- [TASK DATA]

----------------------------------------

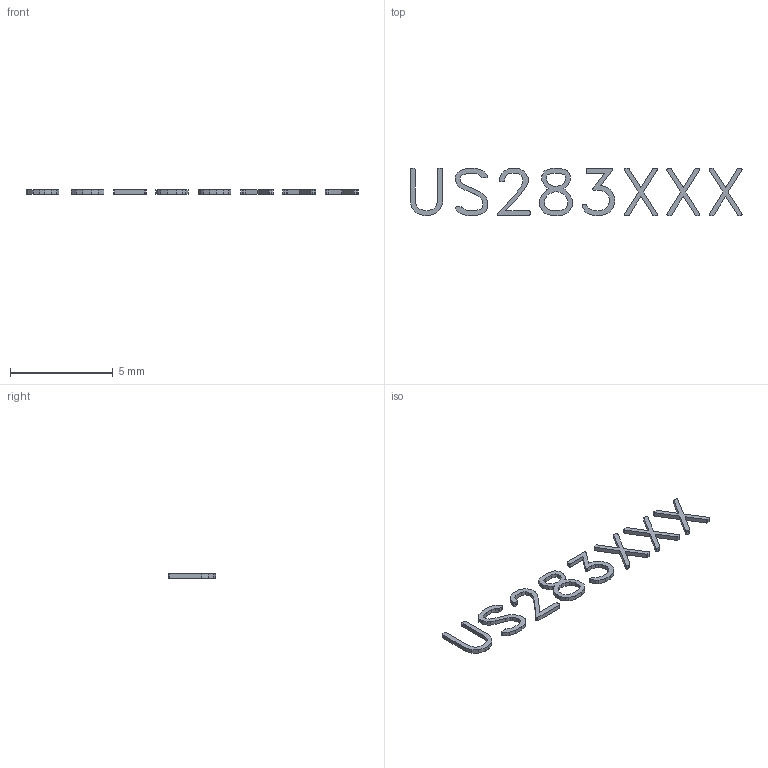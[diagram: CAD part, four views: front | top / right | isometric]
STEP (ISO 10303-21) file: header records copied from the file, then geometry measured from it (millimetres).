
FILE_DESCRIPTION (( 'STEP AP214' ), '1' );
FILE_NAME ('ENGRAVING FILL - SERIAL#.STEP', '2013-06-19T14:04:33', ( 'Asher' ), ( '' ), 'SwSTEP 2.0', 'SolidWorks 2013', '' );
FILE_SCHEMA (( 'AUTOMOTIVE_DESIGN' ));
Length unit declared in the file: millimetre
Products named in the file (1): ENGRAVING FILL - SERIAL#
Bounding box: 16.18 x 2.31 x 0.2 mm (x, y, z)
Volume: 2 mm3; surface area: 37.8 mm2
Topology: 8 solids, 8 shells, 320 faces, 912 edges, 608 vertices
Faces by surface type: plane 220, bspline 100
Entity records: 11901 total; most frequent: CARTESIAN_POINT 4141, ORIENTED_EDGE 1824, DIRECTION 1154, EDGE_CURVE 912, LINE 712, VECTOR 712, VERTEX_POINT 608, EDGE_LOOP 324
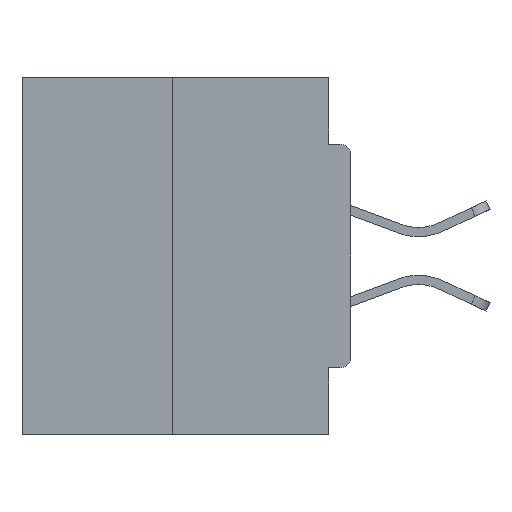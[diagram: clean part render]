
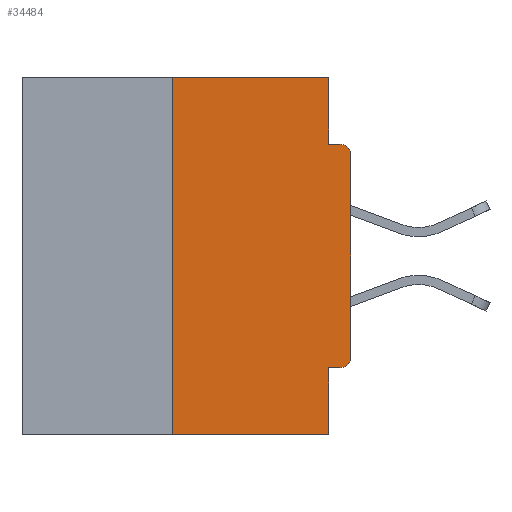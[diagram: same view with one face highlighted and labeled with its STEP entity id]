
A CAD part, left-side view. The second image highlights one B-rep face of the part: STEP entity #34484.
In plain terms, the highlighted planar face has unit normal (-1, 0, 0).
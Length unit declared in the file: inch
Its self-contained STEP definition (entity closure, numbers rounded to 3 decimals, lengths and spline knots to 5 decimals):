
#570 = CARTESIAN_POINT ( 'NONE',  ( 0., 0.031, -0.5 ) ) ;
#2251 = DIRECTION ( 'NONE',  ( 0., 0., -1. ) ) ;
#2252 = CARTESIAN_POINT ( 'NONE',  ( 0., 0.015, -0.1085 ) ) ;
#2635 = LINE ( 'NONE', #28167, #14285 ) ;
#3304 = VERTEX_POINT ( 'NONE', #29996 ) ;
#3712 = CARTESIAN_POINT ( 'NONE',  ( 0., 0.46, 0. ) ) ;
#4545 = ORIENTED_EDGE ( 'NONE', *, *, #24553, .T. ) ;
#4613 = ORIENTED_EDGE ( 'NONE', *, *, #18277, .F. ) ;
#4742 = CARTESIAN_POINT ( 'NONE',  ( 0., 0., -0.3915 ) ) ;
#4926 = LINE ( 'NONE', #21023, #22365 ) ;
#5383 = EDGE_CURVE ( 'NONE', #13766, #24087, #37366, .T. ) ;
#6396 = EDGE_CURVE ( 'NONE', #21873, #28468, #9995, .T. ) ;
#6514 = DIRECTION ( 'NONE',  ( 0., 0., 1. ) ) ;
#6877 = CARTESIAN_POINT ( 'NONE',  ( 0., 0.031, 0. ) ) ;
#6878 = VECTOR ( 'NONE', #8709, 39.37008 ) ;
#7466 = LINE ( 'NONE', #570, #24887 ) ;
#7884 = ORIENTED_EDGE ( 'NONE', *, *, #19761, .F. ) ;
#8289 = VECTOR ( 'NONE', #29259, 39.37008 ) ;
#8493 = CARTESIAN_POINT ( 'NONE',  ( 0., 0.25, 0. ) ) ;
#8529 = DIRECTION ( 'NONE',  ( 0., 0., -1. ) ) ;
#8602 = CARTESIAN_POINT ( 'NONE',  ( 0., 0.031, 0. ) ) ;
#8709 = DIRECTION ( 'NONE',  ( 0., 1., 0. ) ) ;
#8765 = LINE ( 'NONE', #14873, #28346 ) ;
#9341 = FACE_OUTER_BOUND ( 'NONE', #15146, .T. ) ;
#9424 = CARTESIAN_POINT ( 'NONE',  ( 0., 0., 0. ) ) ;
#9672 = VERTEX_POINT ( 'NONE', #18652 ) ;
#9688 = VERTEX_POINT ( 'NONE', #8493 ) ;
#9995 = LINE ( 'NONE', #6877, #8289 ) ;
#10694 = CARTESIAN_POINT ( 'NONE',  ( 0., 0.015, -0.4065 ) ) ;
#11682 = CARTESIAN_POINT ( 'NONE',  ( 0., 0., -0.4065 ) ) ;
#12694 = CARTESIAN_POINT ( 'NONE',  ( 0., 0.031, -0.4065 ) ) ;
#13156 = DIRECTION ( 'NONE',  ( 0., 0., -1. ) ) ;
#13544 = DIRECTION ( 'NONE',  ( 0., 0., -1. ) ) ;
#13766 = VERTEX_POINT ( 'NONE', #10694 ) ;
#14285 = VECTOR ( 'NONE', #40916, 39.37008 ) ;
#14873 = CARTESIAN_POINT ( 'NONE',  ( 0., 0.25, 0. ) ) ;
#15146 = EDGE_LOOP ( 'NONE', ( #7884, #21581, #21198, #28579, #22411, #20984, #4545, #17204, #4613, #31986 ) ) ;
#17204 = ORIENTED_EDGE ( 'NONE', *, *, #19279, .T. ) ;
#17429 = EDGE_CURVE ( 'NONE', #24087, #9672, #7466, .T. ) ;
#17900 = DIRECTION ( 'NONE',  ( 0., -1., 0. ) ) ;
#18277 = EDGE_CURVE ( 'NONE', #28468, #31756, #2635, .T. ) ;
#18652 = CARTESIAN_POINT ( 'NONE',  ( 0., 0.031, -0.5 ) ) ;
#18842 = LINE ( 'NONE', #9424, #37009 ) ;
#19279 = EDGE_CURVE ( 'NONE', #3304, #31756, #38341, .T. ) ;
#19413 = DIRECTION ( 'NONE',  ( 0., -1., 0. ) ) ;
#19638 = LINE ( 'NONE', #37858, #38757 ) ;
#19761 = EDGE_CURVE ( 'NONE', #9688, #21873, #4926, .T. ) ;
#20984 = ORIENTED_EDGE ( 'NONE', *, *, #24007, .T. ) ;
#21023 = CARTESIAN_POINT ( 'NONE',  ( 0., 0.46, 0. ) ) ;
#21198 = ORIENTED_EDGE ( 'NONE', *, *, #29218, .T. ) ;
#21581 = ORIENTED_EDGE ( 'NONE', *, *, #24828, .F. ) ;
#21645 = AXIS2_PLACEMENT_3D ( 'NONE', #2252, #40539, #8529 ) ;
#21873 = VERTEX_POINT ( 'NONE', #8602 ) ;
#22085 = PLANE ( 'NONE',  #40369 ) ;
#22365 = VECTOR ( 'NONE', #17900, 39.37008 ) ;
#22411 = ORIENTED_EDGE ( 'NONE', *, *, #5383, .F. ) ;
#22701 = CARTESIAN_POINT ( 'NONE',  ( 0., 0.031, -0.0935 ) ) ;
#23303 = VERTEX_POINT ( 'NONE', #25314 ) ;
#23577 = CIRCLE ( 'NONE', #24231, 0.015 ) ;
#23932 = VERTEX_POINT ( 'NONE', #4742 ) ;
#24007 = EDGE_CURVE ( 'NONE', #13766, #23932, #23577, .T. ) ;
#24087 = VERTEX_POINT ( 'NONE', #12694 ) ;
#24231 = AXIS2_PLACEMENT_3D ( 'NONE', #30907, #40537, #2251 ) ;
#24553 = EDGE_CURVE ( 'NONE', #23932, #3304, #18842, .T. ) ;
#24828 = EDGE_CURVE ( 'NONE', #23303, #9688, #8765, .T. ) ;
#24887 = VECTOR ( 'NONE', #13156, 39.37008 ) ;
#25314 = CARTESIAN_POINT ( 'NONE',  ( 0., 0.25, -0.5 ) ) ;
#25671 = DIRECTION ( 'NONE',  ( 1., 0., 0. ) ) ;
#28167 = CARTESIAN_POINT ( 'NONE',  ( 0., 0., -0.0935 ) ) ;
#28346 = VECTOR ( 'NONE', #36793, 39.37008 ) ;
#28468 = VERTEX_POINT ( 'NONE', #22701 ) ;
#28579 = ORIENTED_EDGE ( 'NONE', *, *, #17429, .F. ) ;
#29218 = EDGE_CURVE ( 'NONE', #23303, #9672, #19638, .T. ) ;
#29259 = DIRECTION ( 'NONE',  ( 0., 0., -1. ) ) ;
#29996 = CARTESIAN_POINT ( 'NONE',  ( 0., 0., -0.1085 ) ) ;
#30907 = CARTESIAN_POINT ( 'NONE',  ( 0., 0.015, -0.3915 ) ) ;
#31756 = VERTEX_POINT ( 'NONE', #34949 ) ;
#31986 = ORIENTED_EDGE ( 'NONE', *, *, #6396, .F. ) ;
#34484 = ADVANCED_FACE ( 'NONE', ( #9341 ), #22085, .F. ) ;
#34949 = CARTESIAN_POINT ( 'NONE',  ( 0., 0.015, -0.0935 ) ) ;
#36793 = DIRECTION ( 'NONE',  ( 0., 0., 1. ) ) ;
#37009 = VECTOR ( 'NONE', #6514, 39.37008 ) ;
#37366 = LINE ( 'NONE', #11682, #6878 ) ;
#37858 = CARTESIAN_POINT ( 'NONE',  ( 0., 0.46, -0.5 ) ) ;
#38341 = CIRCLE ( 'NONE', #21645, 0.015 ) ;
#38757 = VECTOR ( 'NONE', #19413, 39.37008 ) ;
#40369 = AXIS2_PLACEMENT_3D ( 'NONE', #3712, #25671, #13544 ) ;
#40537 = DIRECTION ( 'NONE',  ( -1., 0., 0. ) ) ;
#40539 = DIRECTION ( 'NONE',  ( -1., 0., 0. ) ) ;
#40916 = DIRECTION ( 'NONE',  ( 0., -1., 0. ) ) ;

----------------------------------------

Only one stretch of the data is wanted: the lines from the one with "#38341 = CIRCLE ( 'NONE', #21645, 0.015 ) ;" through the last, repeated exactly.

- [RESULT OF THIS EXERCISE]
#38341 = CIRCLE ( 'NONE', #21645, 0.015 ) ;
#38757 = VECTOR ( 'NONE', #19413, 39.37008 ) ;
#40369 = AXIS2_PLACEMENT_3D ( 'NONE', #3712, #25671, #13544 ) ;
#40537 = DIRECTION ( 'NONE',  ( -1., 0., 0. ) ) ;
#40539 = DIRECTION ( 'NONE',  ( -1., 0., 0. ) ) ;
#40916 = DIRECTION ( 'NONE',  ( 0., -1., 0. ) ) ;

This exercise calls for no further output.